After feminism, there have been thousands.
I'm only stating facts here.
> but often people only think one level deep about these things.
In my experiences the ones who care about zero-carbon and renewable energy have thought very deeply about these things.
> Fossil fuels are often used to generate electricity for batteries
Yeah, but renewables are already cheaper that fossil fuels in most cases. And charging batteries is one of the most flexible loads for a renewable grid. I don't care if I charge my car on monday or friday.
> For example, you may be charging your EV with energy generated by a Coal plant.
This example is just completely irrelevant by now.

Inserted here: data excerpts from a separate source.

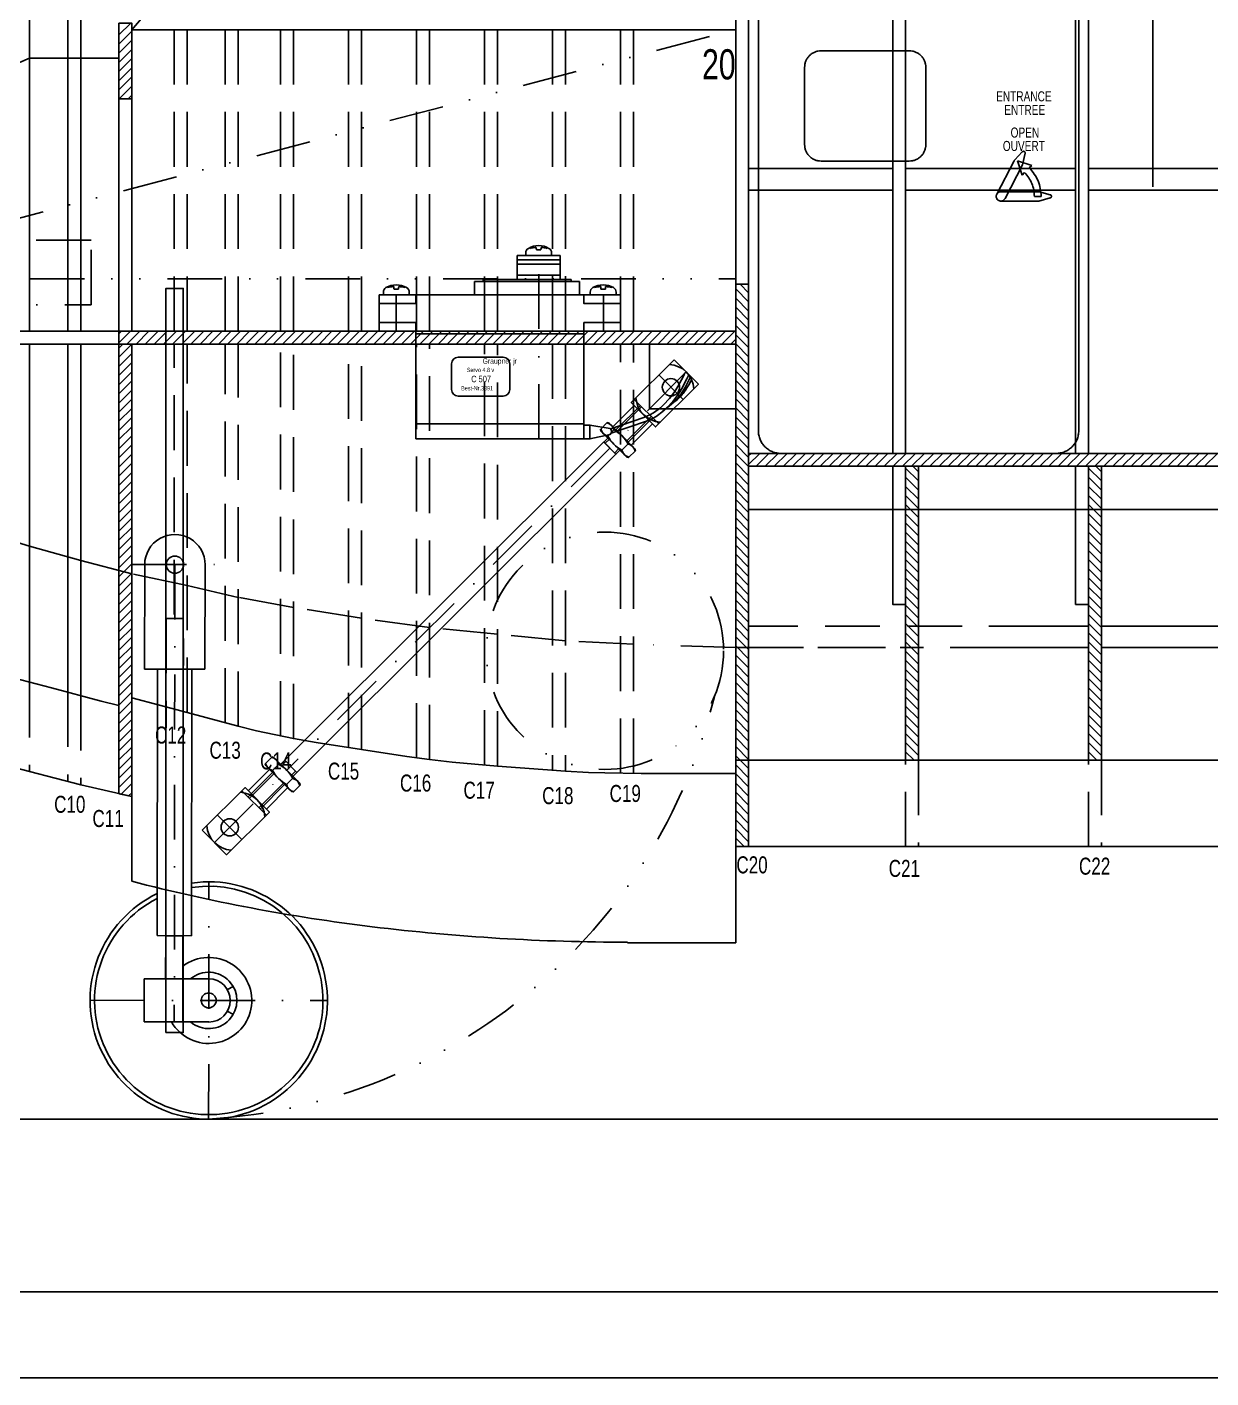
# Model space of a CAD drawing. Header units: millimetres. Extents: x 109 to 38194, y -453 to 956.
# Drawn here: x 303.9 to 578.3, y 115.3 to 428.4 of the extents above; entities that cross this region are included whole.
import ezdxf

# ---------------------------------------------------------------- set-up
doc = ezdxf.new("R2010")
doc.units = ezdxf.units.MM
for name, pattern in [('DASHDOT', [25.4, 12.7, -6.35, 0, -6.35]), ('DASHED', [19.05, 12.7, -6.35]), ('DIVIDE', [31.75, 12.7, -6.35, 0, -6.35, 0, -6.35])]:
    doc.linetypes.add(name, pattern=pattern)
for name, color, linetype in [('55', 7, 'CONTINUOUS'), ('AXES$PRINCIP', 7, 'CONTINUOUS'), ('AXES$SECOND', 7, 'CONTINUOUS'), ('BOULONNERIE-1', 7, 'CONTINUOUS'), ('CARTOUCHE-1', 7, 'CONTINUOUS'), ('CARTOUCHE-2', 7, 'CONTINUOUS'), ('FORTS$PRINCIP$$T', 7, 'CONTINUOUS'), ('FORTS$SECOND', 7, 'CONTINUOUS'), ('HACHURAGE', 7, 'CONTINUOUS'), ('INDICATIONS', 7, 'CONTINUOUS'), ('POINTILLES', 7, 'CONTINUOUS'), ('TRAITS$FINS', 7, 'CONTINUOUS')]:
    doc.layers.add(name, color=color, linetype=linetype)
doc.styles.get("Standard").update_dxf_attribs({"font": 'txt', "width": 0.75})

# ---------------------------------------------------------------- blocks, each defined once
blk = doc.blocks.new('08CRSS')
at = {"layer": 'INDICATIONS', "color": 94, "linetype": 'CONTINUOUS'}
for p, q in [((-22.072, 25.995), (-24.688, 25.995)), ((-17.26, 0), (-17.26, 6.878)), ((-17.26, 0), (-17.26, -6.878)), ((0, 39.254), (-8.238, 39.254)), ((0, 0), (0, 39.254)), ((0, 0), (0, -39.228)), ((-22.072, -25.969), (-24.688, -25.969)), ((0, -39.228), (-8.238, -39.228))]:
    blk.add_line(p, q, dxfattribs=at)
for points in [[(-25.101486, 7.452114, 0.007959), (-21.182356, 7.105747, 0.007954), (-17.252802, 6.884177)], [(-22.074224, 25.990227, 0.022186), (-24.001661, 16.779708, 0.02227), (-25.101484, 7.452117)], [(-25.101486, -7.439038, -0.007959), (-21.182356, -7.092671, -0.007954), (-17.252802, -6.871101)], [(-22.074224, -25.977151, -0.022186), (-24.001661, -16.766632, -0.02227), (-25.101484, -7.439041)]]:
    blk.add_lwpolyline(points, format="xyb", dxfattribs=at)
for centre, radius, start, end in [((32.657222, 0.006538), 62.965367, 150.249481, 180), ((32.657222, 0.006538), 62.965367, 180, 209.750519), ((-8.226636, 23.374081), 15.874689, 90, 150.249481), ((-8.226636, -23.361004), 15.874689, 209.750519, 270)]:
    blk.add_arc(centre, radius, start, end, dxfattribs=at)
blk = doc.blocks.new('*O25')
at = {"layer": 'TRAITS$FINS', "color": 5, "linetype": 'CONTINUOUS'}
for p, q in [((-5.094, 4.5), (5.406, 4.5)), ((-6.594, -3), (-6.594, 3)), ((6.906, 3), (6.906, -3)), ((5.406, -4.5), (-5.094, -4.5))]:
    blk.add_line(p, q, dxfattribs=at)
for centre, start, end in [((-5.0945, 2.9995), 90, 180), ((5.4055, 2.9995), 0, 90), ((-5.0945, -3.0005), 180, 270), ((5.4055, -3.0005), 270, 360)]:
    blk.add_arc(centre, 1.5, start, end, dxfattribs=at)
at = {"layer": 'TRAITS$FINS', "color": 5, "linetype": 'CONTINUOUS', "width": 100, "attachment_point": 8}
for s, insert, char_height in [('Graupner\\~jr', (4.584, 2.614), 1.25), ('Servo\\~4.8\\~v', (0.098, 1.032), 1), ('C\\~507', (0.26, -1.33), 1.5), ('Best-Nr.3891', (-0.67, -3.21), 1)]:
    blk.add_mtext(s, dxfattribs=dict(at, insert=insert, char_height=char_height))

msp = doc.modelspace()

# ---------------------------------------------------------------- linework, layer by layer
at = {"layer": '55', "color": 7, "linetype": 'CONTINUOUS'}
for points in [[(507.57, 480.45), (504.57, 480.45), (504.57, 329.61), (507.57, 329.61)], [(549.96, 480.45), (546.96, 480.45), (546.96, 329.61), (549.96, 329.61)], [(504.57, 326.61), (507.57, 326.61), (507.57, 294.59), (504.57, 294.59)], [(546.96, 326.61), (549.96, 326.61), (549.96, 294.59), (546.96, 294.59)]]:
    msp.add_lwpolyline(points, close=True, dxfattribs=at)
at = {"layer": 'AXES$PRINCIP', "color": 5, "linetype": 'DASHDOT'}
for p, q in [((417.52, 374.44), (427.52, 374.44)), ((422.52, 332.94), (422.52, 375.44)), ((389.52, 357.94), (389.52, 366.34)), ((437.52, 357.94), (437.52, 366.34))]:
    msp.add_line(p, q, dxfattribs=at)
at = {"layer": 'AXES$SECOND', "color": 92, "linetype": 'DASHDOT'}
for p, q in [((456.71, 348.47), (441.86, 333.64)), ((456, 342.11), (450.34, 347.78)), ((439.02, 330.83), (364.14, 256.16)), ((347.37, 239.42), (362.24, 254.23)), ((353.73, 240.11), (348.08, 245.78))]:
    msp.add_line(p, q, dxfattribs=at)
at = {"layer": 'AXES$SECOND', "color": 253, "linetype": 'DASHDOT'}
msp.add_line((328.2, 303.82), (349.84, 303.82), dxfattribs=at)
at = {"layer": 'AXES$SECOND', "color": 253, "linetype": 'DIVIDE'}
msp.add_circle((437.88, 283.86), 27.5, dxfattribs=at)
msp.add_arc((338.2, 303.82), 128.74, 273.4897, 346.2665, dxfattribs=at)
at = {"layer": 'BOULONNERIE-1', "color": 92, "linetype": 'CONTINUOUS'}
for p, q in [((440.05, 335.12), (438.46, 333.53)), ((441.71, 330.27), (443.32, 331.86)), ((360.76, 256.04), (362.36, 257.63)), ((365.61, 254.37), (364.01, 252.76))]:
    msp.add_line(p, q, dxfattribs=at)
for points in [[(442.92, 328.74), (443.35, 328.63), (444.95, 330.21), (444.83, 330.64), (441.86, 333.64), (438.86, 336.64), (438.43, 336.76), (436.82, 335.18), (436.96, 334.72), (439.93, 331.74), (442.92, 328.74)], [(367.14, 253.16), (367.24, 252.72), (365.66, 251.13), (365.23, 251.25), (362.24, 254.23), (359.25, 257.24), (359.13, 257.67), (360.72, 259.27), (361.17, 259.14), (364.14, 256.16), (367.14, 253.16)]]:
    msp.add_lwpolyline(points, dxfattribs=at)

Coal is dead.
Even then, it's much better to move the pollution away from where people live, and where you have an opportunity to clean the exhaust gases. (if your country cares about those kinds of things). It's also more CO2-efficient, even when not counting future battery recycling.
> If a country heavily consumes goods imported from somewhere like China, they are part of the cause of those greenhouse gases.
Fair point, but in the context of batteries I'm not too worried. Both USA and EU are now pretty damn serious about on-shoring on near-shoring both material production and battery production.
Also, we now have battery recycling at a commercial scale, which is far more energy and resource efficient.
We WILL have a couple of decades where the green transition will be quite resource and carbon intensive. But as the first big waves of EVs and grid energy batteries start to get recycled that resource use will fall off a cliff.
I made no indication that renewables weren't a desirable goal, or that we shouldn't pursue them. I made no arguments against renewables.
Simply stating facts that are often overlooked. Very often policy focuses on the visible wins while ignoring the "shuffling" of externalities.
If a policy passes that lowers emissions in the USA but increases them in China as a result (due to offshoring or other means), you'll only hear about the first part
Read the article. They explain exactly how batteries can replace (yes, replace) the coal plant. In short: renewables have a hard time matching real-time demand. Clouds come. Wind dies down. What do you do? So in the past they needed that coal plant to add extra generating capacity, when needed. But now, with the batteries, the battery can store the surplus of renewables not instantly needed. Then when clouds come or wind dies done, the energy flow reverses and batteries deliver this surplus, hence smoothing supply.
The article very clearly makes the point that this battery deployment does not replace energy generation.
Right, which is why we have renewables to generate power. The coal plant was there to cover any potential power shortfall on overcast days or unexpected late night power needs.
This is a mostly solved problem, it’s just a matter of building out the infrastructure.